**Work instructions**
Scan the entries and copy each line where the word "DatabaseManager" is present.

+++ Records shown +++

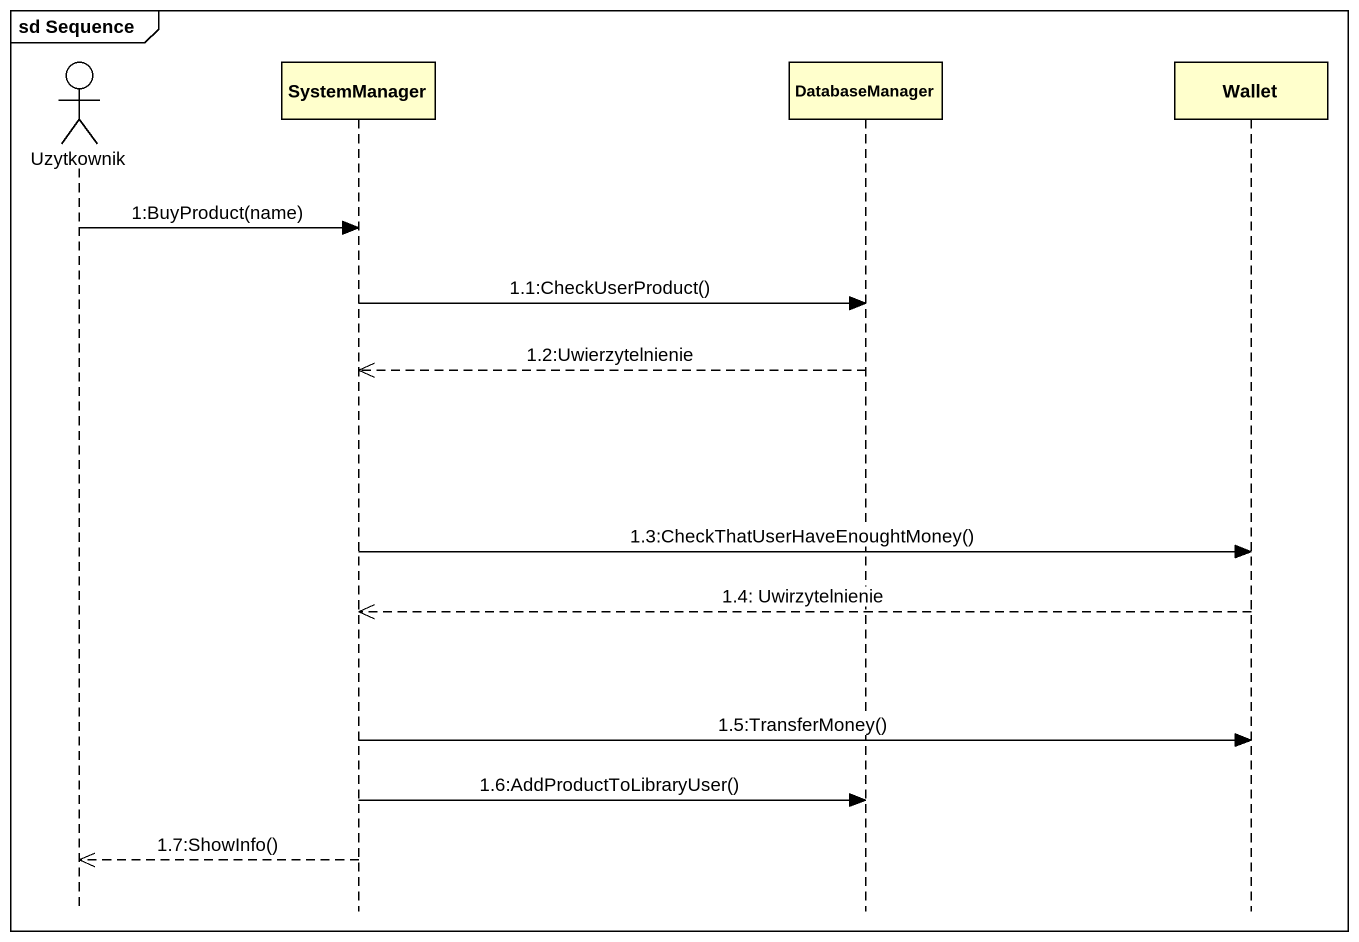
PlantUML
@startuml
mainframe sd Sequence
hide footbox
actor Uzytkownik
participant SystemManager
participant DatabaseManager
participant Wallet

Uzytkownik -> SystemManager : 1:BuyProduct(name)
SystemManager -> DatabaseManager : 1.1:CheckUserProduct()
DatabaseManager -->> SystemManager : 1.2:Uwierzytelnienie
SystemManager -> Wallet : 1.3:CheckThatUserHaveEnoughtMoney()
Wallet -->> SystemManager : 1.4: Uwirzytelnienie
SystemManager -> Wallet : 1.5:TransferMoney()
SystemManager -> DatabaseManager : 1.6:AddProductToLibraryUser()
SystemManager -->> Uzytkownik : 1.7:ShowInfo()
@enduml

+++

**Written response**
participant DatabaseManager
SystemManager -> DatabaseManager : 1.1:CheckUserProduct()
DatabaseManager -->> SystemManager : 1.2:Uwierzytelnienie
SystemManager -> DatabaseManager : 1.6:AddProductToLibraryUser()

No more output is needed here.